Op eigen wijze is dit onderscheid ook in de schepping zelf aanwezig omdat daar persoonlijke wezens onderscheiden zijn van niet-persoonlijke wezens. Niet-persoonlijke wezens zoals planten of vulkanen hebben alleen natuurlijke activiteit, hun doen en laten is gereguleerd door hun natuur. Mensen en engelen hebben behalve een natuur in de zin van een geheel met allerlei natuurlijke activiteiten (zoals het vermogen tot herinnering en liefde), bovendien een wil, een keuzevermogen. In dit opzicht lijken zij op God.

3 Theonome reciprociteit

De drie-ene God heeft een wil, een vrije wil, één vrije wil. Hoe is deze wil verbonden met de twee-voudige presentie, waarmee we begonnen, met de Messias die in Bethlehem geboren is en met de Heilige Geest die in Jeruzalem is uitgestort? Is er een verschil tussen beide? Om het antwoord op deze vraag te vinden zullen we moeten nagaan hoe de goddelijke wil verbonden is met de menselijke wil in de christologie en in de pneumatologie. Laten we als startpunt een voorbeeld kiezen uit de recente theologische reflectie over Gods tweevoudige presentie in relatie tot de goddelijke en menselijke wil. Het meest beroemd, althans in de Nederlandse theologie, is het voorstel dat door Arnold Albert van Ruler is gedaan.13

Van Ruler stelt dat in Christus God zelf handelt. Het is God zelf die neerdaalt in een mens om verlossing te brengen door in onze plaats aan de eisen van straffende gerechtigheid te voldoen. Zo gezien is Christus’ menselijkheid Gods kostbaarste ‘instrument’ om op rechtvaardige wijze heil te brengen.

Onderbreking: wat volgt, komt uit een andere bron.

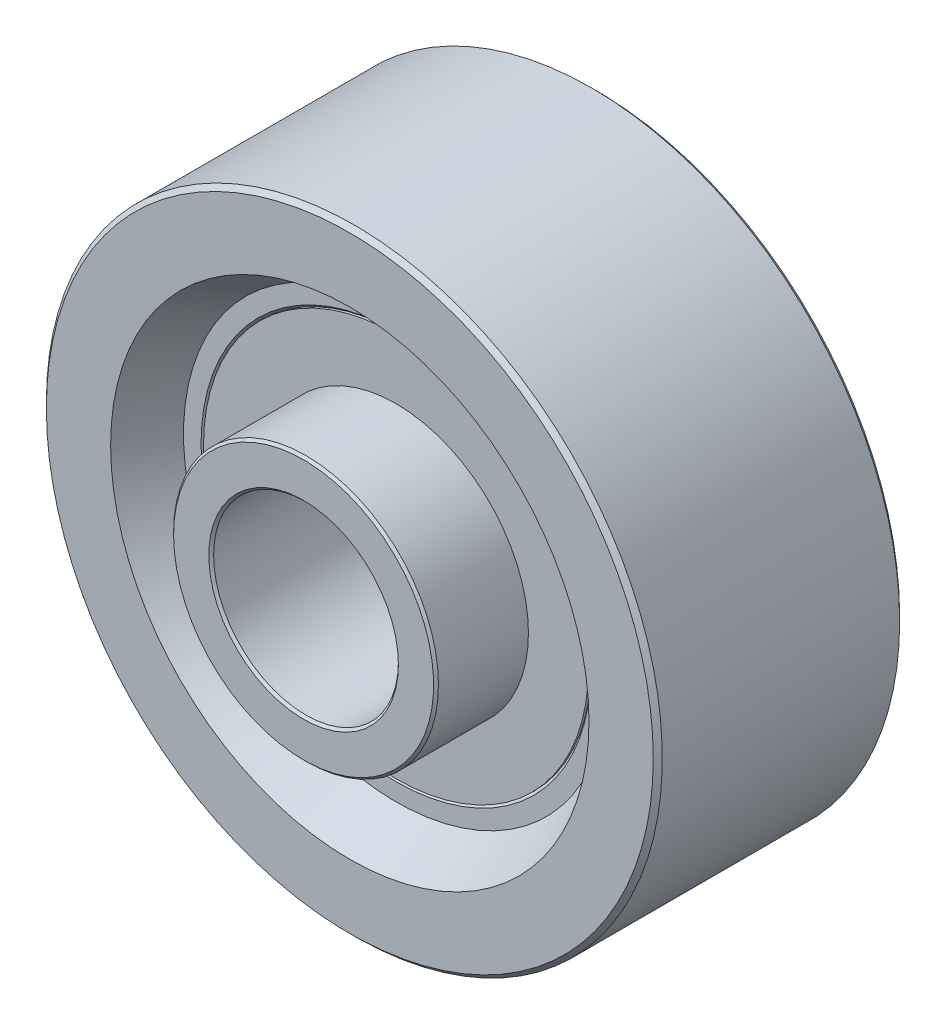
ISO-10303-21;
HEADER;
FILE_DESCRIPTION(('STEP AP214'),'2;1');
FILE_NAME('part.step','',(''),(''),'','','');
FILE_SCHEMA(('AUTOMOTIVE_DESIGN { 1 0 10303 214 1 1 1 1 }'));
ENDSEC;
DATA;
#1=APPLICATION_CONTEXT('core data for automotive mechanical design processes');
#2=APPLICATION_PROTOCOL_DEFINITION('international standard','automotive_design',2000,#1);
#3=PRODUCT_CONTEXT('',#1,'mechanical');
#4=PRODUCT('Part','Part','',(#3));
#5=PRODUCT_RELATED_PRODUCT_CATEGORY('part','',(#4));
#6=PRODUCT_DEFINITION_FORMATION('','',#4);
#7=PRODUCT_DEFINITION_CONTEXT('part definition',#1,'design');
#8=PRODUCT_DEFINITION('design','',#6,#7);
#9=PRODUCT_DEFINITION_SHAPE('','',#8);
#10=(LENGTH_UNIT() NAMED_UNIT(*) SI_UNIT(.MILLI.,.METRE.));
#11=(NAMED_UNIT(*) PLANE_ANGLE_UNIT() SI_UNIT($,.RADIAN.));
#12=(NAMED_UNIT(*) SI_UNIT($,.STERADIAN.) SOLID_ANGLE_UNIT());
#13=UNCERTAINTY_MEASURE_WITH_UNIT(LENGTH_MEASURE(1.E-05),#10,'distance_accuracy_value','');
#14=(GEOMETRIC_REPRESENTATION_CONTEXT(3) GLOBAL_UNCERTAINTY_ASSIGNED_CONTEXT((#13)) GLOBAL_UNIT_ASSIGNED_CONTEXT((#10,
#11,#12)) REPRESENTATION_CONTEXT('',''));
#15=CARTESIAN_POINT('',(0.,0.,0.));
#16=DIRECTION('',(0.,0.,1.));
#17=DIRECTION('',(1.,0.,0.));
#18=AXIS2_PLACEMENT_3D('',#15,#16,#17);
#19=CARTESIAN_POINT('',(0.,0.,2.1875));
#20=DIRECTION('',(0.,0.,-1.));
#21=DIRECTION('',(-1.,0.,0.));
#22=AXIS2_PLACEMENT_3D('',#19,#20,#21);
#23=CYLINDRICAL_SURFACE('',#22,6.25);
#24=CARTESIAN_POINT('',(0.,0.,2.5));
#25=DIRECTION('',(0.,0.,-1.));
#26=DIRECTION('',(-1.,0.,0.));
#27=AXIS2_PLACEMENT_3D('',#24,#25,#26);
#28=CIRCLE('',#27,6.25);
#29=CARTESIAN_POINT('',(-6.25,0.,2.5));
#30=VERTEX_POINT('',#29);
#31=EDGE_CURVE('E25',#30,#30,#28,.T.);
#32=ORIENTED_EDGE('',*,*,#31,.T.);
#33=EDGE_LOOP('',(#32));
#34=FACE_BOUND('',#33,.T.);
#35=CARTESIAN_POINT('',(0.,0.,2.42000000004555));
#36=DIRECTION('',(0.,0.,1.));
#37=DIRECTION('',(0.,1.,0.));
#38=AXIS2_PLACEMENT_3D('',#35,#36,#37);
#39=CIRCLE('',#38,6.24999999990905);
#40=CARTESIAN_POINT('',(0.,6.24999999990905,2.42000000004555));
#41=VERTEX_POINT('',#40);
#42=EDGE_CURVE('E8',#41,#41,#39,.T.);
#43=ORIENTED_EDGE('',*,*,#42,.T.);
#44=EDGE_LOOP('',(#43));
#45=FACE_BOUND('',#44,.T.);
#46=ADVANCED_FACE('F12',(#34,#45),#23,.T.);
#47=CARTESIAN_POINT('',(0.,5.275,2.5));
#48=DIRECTION('',(0.,0.,1.));
#49=DIRECTION('',(1.,0.,0.));
#50=AXIS2_PLACEMENT_3D('',#47,#48,#49);
#51=PLANE('',#50);
#52=ORIENTED_EDGE('',*,*,#31,.F.);
#53=EDGE_LOOP('',(#52));
#54=FACE_BOUND('',#53,.T.);
#55=CARTESIAN_POINT('',(0.,0.,2.5));
#56=DIRECTION('',(0.,0.,-1.));
#57=DIRECTION('',(-1.,0.,0.));
#58=AXIS2_PLACEMENT_3D('',#55,#56,#57);
#59=CIRCLE('',#58,4.3);
#60=CARTESIAN_POINT('',(-4.3,0.,2.5));
#61=VERTEX_POINT('',#60);
#62=EDGE_CURVE('E20',#61,#61,#59,.T.);
#63=ORIENTED_EDGE('',*,*,#62,.T.);
#64=EDGE_LOOP('',(#63));
#65=FACE_BOUND('',#64,.T.);
#66=ADVANCED_FACE('F83',(#54,#65),#51,.T.);
#67=CARTESIAN_POINT('',(0.,0.,-2.5000000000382));
#68=DIRECTION('',(0.,0.,-1.));
#69=DIRECTION('',(-1.,0.,0.));
#70=AXIS2_PLACEMENT_3D('',#67,#68,#69);
#71=CONICAL_SURFACE('',#70,6.32999999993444,0.785398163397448);
#72=CARTESIAN_POINT('',(0.,0.,-2.5000000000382));
#73=DIRECTION('',(0.,0.,-1.));
#74=DIRECTION('',(-1.,0.,0.));
#75=AXIS2_PLACEMENT_3D('',#72,#73,#74);
#76=CIRCLE('',#75,6.32999999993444);
#77=CARTESIAN_POINT('',(-6.32999999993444,0.,-2.5000000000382));
#78=VERTEX_POINT('',#77);
#79=EDGE_CURVE('E49',#78,#78,#76,.F.);
#80=ORIENTED_EDGE('',*,*,#79,.F.);
#81=EDGE_LOOP('',(#80));
#82=FACE_BOUND('',#81,.T.);
#83=CARTESIAN_POINT('',(0.,0.,-2.42000000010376));
#84=DIRECTION('',(0.,0.,-1.));
#85=DIRECTION('',(-1.,0.,0.));
#86=AXIS2_PLACEMENT_3D('',#83,#84,#85);
#87=CIRCLE('',#86,6.25);
#88=CARTESIAN_POINT('',(-6.25,0.,-2.42000000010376));
#89=VERTEX_POINT('',#88);
#90=EDGE_CURVE('E317',#89,#89,#87,.T.);
#91=ORIENTED_EDGE('',*,*,#90,.F.);
#92=EDGE_LOOP('',(#91));
#93=FACE_BOUND('',#92,.T.);
#94=ADVANCED_FACE('F62',(#82,#93),#71,.F.);
#95=CARTESIAN_POINT('',(0.,6.615,-2.5));
#96=DIRECTION('',(0.,0.,-1.));
#97=DIRECTION('',(-1.,0.,0.));
#98=AXIS2_PLACEMENT_3D('',#95,#96,#97);
#99=PLANE('',#98);
#100=ORIENTED_EDGE('',*,*,#79,.T.);
#101=EDGE_LOOP('',(#100));
#102=FACE_BOUND('',#101,.T.);
#103=CARTESIAN_POINT('',(0.,0.,-2.5));
#104=DIRECTION('',(0.,0.,-1.));
#105=DIRECTION('',(-1.,0.,0.));
#106=AXIS2_PLACEMENT_3D('',#103,#104,#105);
#107=CIRCLE('',#106,6.9);
#108=CARTESIAN_POINT('',(-6.9,0.,-2.5));
#109=VERTEX_POINT('',#108);
#110=EDGE_CURVE('E44',#109,#109,#107,.T.);
#111=ORIENTED_EDGE('',*,*,#110,.T.);
#112=EDGE_LOOP('',(#111));
#113=FACE_BOUND('',#112,.T.);
#114=ADVANCED_FACE('F76',(#102,#113),#99,.T.);
#115=CARTESIAN_POINT('',(0.,0.,-4.));
#116=DIRECTION('',(0.,0.,-1.));
#117=DIRECTION('',(-1.,0.,0.));
#118=AXIS2_PLACEMENT_3D('',#115,#116,#117);
#119=CONICAL_SURFACE('',#118,7.76602540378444,0.523598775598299);
#120=CARTESIAN_POINT('',(0.,0.,-4.));
#121=DIRECTION('',(0.,0.,-1.));
#122=DIRECTION('',(-1.,0.,0.));
#123=AXIS2_PLACEMENT_3D('',#120,#121,#122);
#124=CIRCLE('',#123,7.76602540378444);
#125=CARTESIAN_POINT('',(-7.76602540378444,0.,-4.));
#126=VERTEX_POINT('',#125);
#127=EDGE_CURVE('E38',#126,#126,#124,.F.);
#128=ORIENTED_EDGE('',*,*,#127,.F.);
#129=EDGE_LOOP('',(#128));
#130=FACE_BOUND('',#129,.T.);
#131=ORIENTED_EDGE('',*,*,#110,.F.);
#132=EDGE_LOOP('',(#131));
#133=FACE_BOUND('',#132,.T.);
#134=ADVANCED_FACE('F144',(#130,#133),#119,.F.);
#135=CARTESIAN_POINT('',(0.,8.80948329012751,-4.));
#136=DIRECTION('',(0.,0.,-1.));
#137=DIRECTION('',(-1.,0.,0.));
#138=AXIS2_PLACEMENT_3D('',#135,#136,#137);
#139=PLANE('',#138);
#140=ORIENTED_EDGE('',*,*,#127,.T.);
#141=EDGE_LOOP('',(#140));
#142=FACE_BOUND('',#141,.T.);
#143=CARTESIAN_POINT('',(0.,0.,-4.));
#144=DIRECTION('',(0.,0.,1.));
#145=DIRECTION('',(1.,0.,0.));
#146=AXIS2_PLACEMENT_3D('',#143,#144,#145);
#147=CIRCLE('',#146,9.85294117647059);
#148=CARTESIAN_POINT('',(9.85294117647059,0.,-4.));
#149=VERTEX_POINT('',#148);
#150=EDGE_CURVE('E31',#149,#149,#147,.T.);
#151=ORIENTED_EDGE('',*,*,#150,.F.);
#152=EDGE_LOOP('',(#151));
#153=FACE_BOUND('',#152,.T.);
#154=ADVANCED_FACE('F136',(#142,#153),#139,.T.);
#155=CARTESIAN_POINT('',(0.,0.,-3.85294117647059));
#156=DIRECTION('',(0.,0.,1.));
#157=DIRECTION('',(1.,0.,0.));
#158=AXIS2_PLACEMENT_3D('',#155,#156,#157);
#159=CONICAL_SURFACE('',#158,10.,0.785398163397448);
#160=ORIENTED_EDGE('',*,*,#150,.T.);
#161=EDGE_LOOP('',(#160));
#162=FACE_BOUND('',#161,.T.);
#163=CARTESIAN_POINT('',(0.,0.,-3.85294117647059));
#164=DIRECTION('',(0.,0.,-1.));
#165=DIRECTION('',(-1.,0.,0.));
#166=AXIS2_PLACEMENT_3D('',#163,#164,#165);
#167=CIRCLE('',#166,10.);
#168=CARTESIAN_POINT('',(-10.,0.,-3.85294117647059));
#169=VERTEX_POINT('',#168);
#170=EDGE_CURVE('E29',#169,#169,#167,.F.);
#171=ORIENTED_EDGE('',*,*,#170,.F.);
#172=EDGE_LOOP('',(#171));
#173=FACE_BOUND('',#172,.T.);
#174=ADVANCED_FACE('F132',(#162,#173),#159,.T.);
#175=CARTESIAN_POINT('',(0.,0.,0.));
#176=DIRECTION('',(0.,0.,-1.));
#177=DIRECTION('',(-1.,0.,0.));
#178=AXIS2_PLACEMENT_3D('',#175,#176,#177);
#179=CYLINDRICAL_SURFACE('',#178,10.);
#180=CARTESIAN_POINT('',(0.,0.,3.85294117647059));
#181=DIRECTION('',(0.,0.,-1.));
#182=DIRECTION('',(-1.,0.,0.));
#183=AXIS2_PLACEMENT_3D('',#180,#181,#182);
#184=CIRCLE('',#183,10.);
#185=CARTESIAN_POINT('',(-10.,0.,3.85294117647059));
#186=VERTEX_POINT('',#185);
#187=EDGE_CURVE('E34',#186,#186,#184,.T.);
#188=ORIENTED_EDGE('',*,*,#187,.T.);
#189=EDGE_LOOP('',(#188));
#190=FACE_BOUND('',#189,.T.);
#191=ORIENTED_EDGE('',*,*,#170,.T.);
#192=EDGE_LOOP('',(#191));
#193=FACE_BOUND('',#192,.T.);
#194=ADVANCED_FACE('F72',(#190,#193),#179,.T.);
#195=CARTESIAN_POINT('',(0.,0.,3.85294117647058));
#196=DIRECTION('',(0.,0.,-1.));
#197=DIRECTION('',(-1.,0.,0.));
#198=AXIS2_PLACEMENT_3D('',#195,#196,#197);
#199=CONICAL_SURFACE('',#198,10.,0.785398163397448);
#200=CARTESIAN_POINT('',(0.,0.,4.));
#201=DIRECTION('',(0.,0.,-1.));
#202=DIRECTION('',(-1.,0.,0.));
#203=AXIS2_PLACEMENT_3D('',#200,#201,#202);
#204=CIRCLE('',#203,9.85294117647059);
#205=CARTESIAN_POINT('',(-9.85294117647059,0.,4.));
#206=VERTEX_POINT('',#205);
#207=EDGE_CURVE('E35',#206,#206,#204,.T.);
#208=ORIENTED_EDGE('',*,*,#207,.T.);
#209=EDGE_LOOP('',(#208));
#210=FACE_BOUND('',#209,.T.);
#211=ORIENTED_EDGE('',*,*,#187,.F.);
#212=EDGE_LOOP('',(#211));
#213=FACE_BOUND('',#212,.T.);
#214=ADVANCED_FACE('F131',(#210,#213),#199,.T.);
#215=CARTESIAN_POINT('',(0.,8.80948329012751,4.));
#216=DIRECTION('',(0.,0.,1.));
#217=DIRECTION('',(1.,0.,0.));
#218=AXIS2_PLACEMENT_3D('',#215,#216,#217);
#219=PLANE('',#218);
#220=ORIENTED_EDGE('',*,*,#207,.F.);
#221=EDGE_LOOP('',(#220));
#222=FACE_BOUND('',#221,.T.);
#223=CARTESIAN_POINT('',(0.,0.,4.));
#224=DIRECTION('',(0.,0.,1.));
#225=DIRECTION('',(1.,0.,0.));
#226=AXIS2_PLACEMENT_3D('',#223,#224,#225);
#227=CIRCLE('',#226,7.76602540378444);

Dit is op zichzelf traditioneel-orthodoxe christologie, maar bij Van Ruler krijgt het een eigen kleur, met name in zijn beschrijving van de relatie tussen Christus als mens en alle andere mensen. In Christus handelt God in de plaats van andere mensen; God schakelt ons uit – dat is eigenlijk ‘inhumaan’, zegt Van Ruler. In Christus handelt God voor ons, maar zonder ons. Wanneer de Geest gezonden wordt, komt alles echter anders te liggen. De Heilige Geest schakelt mensen juist in, Hij appelleert aan hen, aan hun persoonlijke activiteit, hun wil. Zelfs als Hij hen van binnenuit inspireert, in hun hart, blijft Hij van hen onderscheiden: Hij handelt niet direct in hen, maar is bezig hen voor zich te winnen. Zij handelen.

Op deze wijze geeft Van Ruler scherpte aan de orthodoxe overtuiging dat de presentie van God in Christus door plaatsvervanging gekenmerkt is,14 terwijl dit in zijn presentie als Heilige Geest juist ontbreekt. Daar spreekt Van Ruler van ‘theonome reciprociteit’: een wederkerigheid van God en mens, waarbij initiatief en overwicht aan Gods kant ligt. De Heilige Geest is gezonden opdat wij met onze eigen wil gaan willen wat God wil. De Geest leert ons alle dingen beoordelen zoals God ze beoordeelt. Langs deze weg maakt Van Ruler ruimte voor een modern westers Anliegen: vrijheid. In de relatie met Christus heeft de wilsvrijheid van mensen in feite geen ruimte, in de relatie met de Geest is die ruimte er volop.

Nu denk ik dat er ook in Christus zelf een theonome reciprociteit aan de orde is.15 Is Hij, naar klassiek christelijke overtuiging, waarlijk mens, dan heeft Christus ook een menselijke wil. Maar wat is het hebben van een menselijke wil anders dan het hebben van een vermogen dat kan willen of niet willen, dat zelf kan kiezen? Augustinus, de belangrijkste auteur van deze definiëring, vatte haar ook in een beeld: de wil is dat vermogen dat meester is over zijn eigen daden. Deze notie van de wil is opgenomen in de hoofdstroom van het middeleeuwse en gereformeerde scholastieke denken. Het stelt in staat om te onderscheiden tussen dispositie en keuze, tussen neiging en instemming, waarbij het eerste een natuurlijke dimensie van ‘willen’ is en het laatste de vrije wil in eigenlijke zin.

Als we dit orthodox, dat is: duotheletisch toepassen, moeten we zeggen dat Christus, die als God de goddelijke wil heeft, de Vader gehoorzaamde met zijn menselijke wil, en deze menselijke wil is niet alleen een geheel van menselijke disposities (zoals de wens om te blijven leven), maar ook een vrije wil, een vermogen om met iets in te stemmen of niet. In Christus zijn dus werkelijk twee vrije willen. Ook in Hem handelt de goddelijke wil niet in plaats van de menselijke wil. In Christus gaat het God-zijn samen met een menselijke subjectiviteit, een vrij kunnen handelen ook met betrekking tot God (de Vader).16

4 Geestchristologie en moderne orthodoxie

In de twintigste eeuw is er een christologisch denken geweest, dat meer recht wilde doen aan Christus’ menselijke activiteit dan de eigentijdse orthodoxe christologie toeliet door aan de Heilige Geest een meer constitutieve rol in Christus’ leven en werk toe te kennen: de zogenaamde Geest-christologie.17 Wenden we ons tot deze christologie als tweede voorbeeld uit de meer recente theologie waarin Gods wil verbonden wordt met zijn presentie in Christus en de Geest.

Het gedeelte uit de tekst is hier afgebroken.